Compiling for linux

Hi all,

I would like to test my firmware on a linux machine before flashing it to a photon. I cloned the firmware code and checked out the branch latest since I want to develop firmware for a photon device. I then tried to compile with PLATFORM=gcc, but I ran into compilation errors (which I patch-hacked myself) and am now running into various link errors. Am I going about this right? Is PLATFORM=gcc supposed to compile the firmware for a linux PC or is it intended for something else? Am I trying this in the wrong branch perhaps?

Here are some of the compilation errors I ran into:

./inc/socket_hal.h:98:33: error: expected identifier before numeric constant

src/gcc/socket_hal.cpp:34:19: error: boost_socklen_t does not name a type

And the first link errors:

firmware/system/src/main.cpp:129: undefined reference to `wlan_connect_cancel'
firmware/system/src/main.cpp:148: undefined reference to `HAL_Set_Sys_Health'

I have gcc 5.1.0 and BOOST_LIB_VERSION 1_55 on ubuntu 12.04.

This is a complicated question. You’re compiling for an entirely different target so all your libraries will no longer make sense.

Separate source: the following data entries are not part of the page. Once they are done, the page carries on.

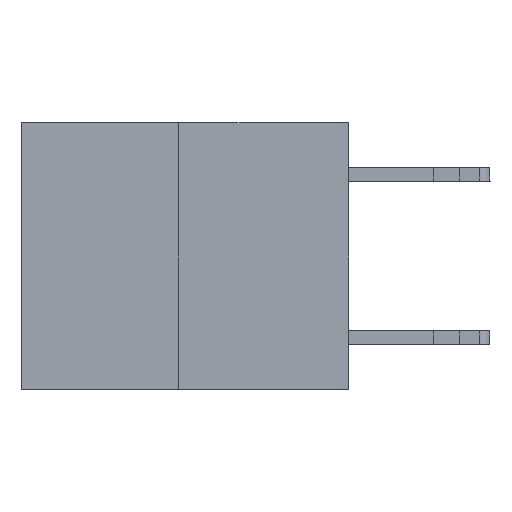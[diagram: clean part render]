
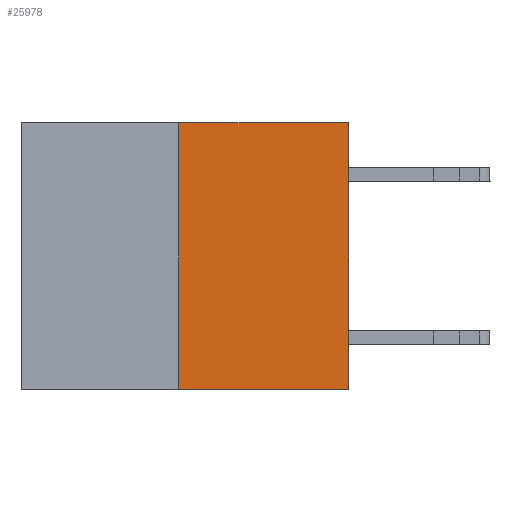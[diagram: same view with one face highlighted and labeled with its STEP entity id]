
A CAD part, left-side view. The second image highlights one B-rep face of the part: STEP entity #25978.
In plain terms, the highlighted planar face has unit normal (-1, 0, 0).
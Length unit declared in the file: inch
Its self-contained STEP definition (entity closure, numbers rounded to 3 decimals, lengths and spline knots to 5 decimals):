
#162 = EDGE_CURVE ( 'NONE', #23133, #7816, #7458, .T. ) ;
#1723 = EDGE_CURVE ( 'NONE', #6893, #14950, #24713, .T. ) ;
#2134 = CARTESIAN_POINT ( 'NONE',  ( 0., 0.312, 0. ) ) ;
#3301 = CARTESIAN_POINT ( 'NONE',  ( 0., 0.312, -0.49 ) ) ;
#3528 = CARTESIAN_POINT ( 'NONE',  ( 0., 0.6, 0. ) ) ;
#3630 = FACE_OUTER_BOUND ( 'NONE', #12186, .T. ) ;
#3860 = VECTOR ( 'NONE', #5363, 39.37008 ) ;
#4039 = AXIS2_PLACEMENT_3D ( 'NONE', #3528, #11786, #21956 ) ;
#4180 = CARTESIAN_POINT ( 'NONE',  ( 0., 0.6, 0. ) ) ;
#5363 = DIRECTION ( 'NONE',  ( 0., 0., 1. ) ) ;
#5972 = CARTESIAN_POINT ( 'NONE',  ( 0., 0., 0. ) ) ;
#6893 = VERTEX_POINT ( 'NONE', #2134 ) ;
#7458 = LINE ( 'NONE', #23926, #23124 ) ;
#7555 = CARTESIAN_POINT ( 'NONE',  ( 0., 0.312, -0.49 ) ) ;
#7816 = VERTEX_POINT ( 'NONE', #9169 ) ;
#8128 = CARTESIAN_POINT ( 'NONE',  ( 0., 0., 0. ) ) ;
#8846 = EDGE_CURVE ( 'NONE', #7816, #14950, #11048, .T. ) ;
#9169 = CARTESIAN_POINT ( 'NONE',  ( 0., 0., -0.49 ) ) ;
#9569 = ORIENTED_EDGE ( 'NONE', *, *, #1723, .F. ) ;
#10070 = VECTOR ( 'NONE', #18709, 39.37008 ) ;
#11048 = LINE ( 'NONE', #5972, #10070 ) ;
#11387 = EDGE_CURVE ( 'NONE', #23133, #6893, #18911, .T. ) ;
#11437 = DIRECTION ( 'NONE',  ( 0., -1., 0. ) ) ;
#11786 = DIRECTION ( 'NONE',  ( 1., 0., 0. ) ) ;
#12186 = EDGE_LOOP ( 'NONE', ( #20192, #25570, #23366, #9569 ) ) ;
#14950 = VERTEX_POINT ( 'NONE', #8128 ) ;
#18709 = DIRECTION ( 'NONE',  ( 0., 0., 1. ) ) ;
#18728 = DIRECTION ( 'NONE',  ( 0., -1., 0. ) ) ;
#18911 = LINE ( 'NONE', #3301, #3860 ) ;
#20192 = ORIENTED_EDGE ( 'NONE', *, *, #11387, .F. ) ;
#20746 = VECTOR ( 'NONE', #18728, 39.37008 ) ;
#21956 = DIRECTION ( 'NONE',  ( 0., 0., -1. ) ) ;
#23124 = VECTOR ( 'NONE', #11437, 39.37008 ) ;
#23133 = VERTEX_POINT ( 'NONE', #7555 ) ;
#23366 = ORIENTED_EDGE ( 'NONE', *, *, #8846, .T. ) ;
#23926 = CARTESIAN_POINT ( 'NONE',  ( 0., 0.6, -0.49 ) ) ;
#24713 = LINE ( 'NONE', #4180, #20746 ) ;
#25570 = ORIENTED_EDGE ( 'NONE', *, *, #162, .T. ) ;
#25978 = ADVANCED_FACE ( 'NONE', ( #3630 ), #26500, .F. ) ;
#26500 = PLANE ( 'NONE',  #4039 ) ;

I suggest you read Test Driven Development for Embedded C by James W. Grenning.

It would be cool if someone were to write a HAL that emulated a Photon or Core on a higher level system like Linux. I could imagine an API to pretend to be the hardware, even with graphics something like the Tinker app. But this is a very large undertaking. I don’t think it is practical to do what you are trying to do.

Flashing to a Photon is hardly a one-chance-only event. You can flash it, and flash it again, practically unlimited numbers of times. If you do end up bricking it, there are recovery methods for just about every software mistake you can make. I just debug in this way. I utilize Serial.print through the USB extensively to follow my program when it is hard for me to figure out what dumb mistake I made. It’s usually pretty effective.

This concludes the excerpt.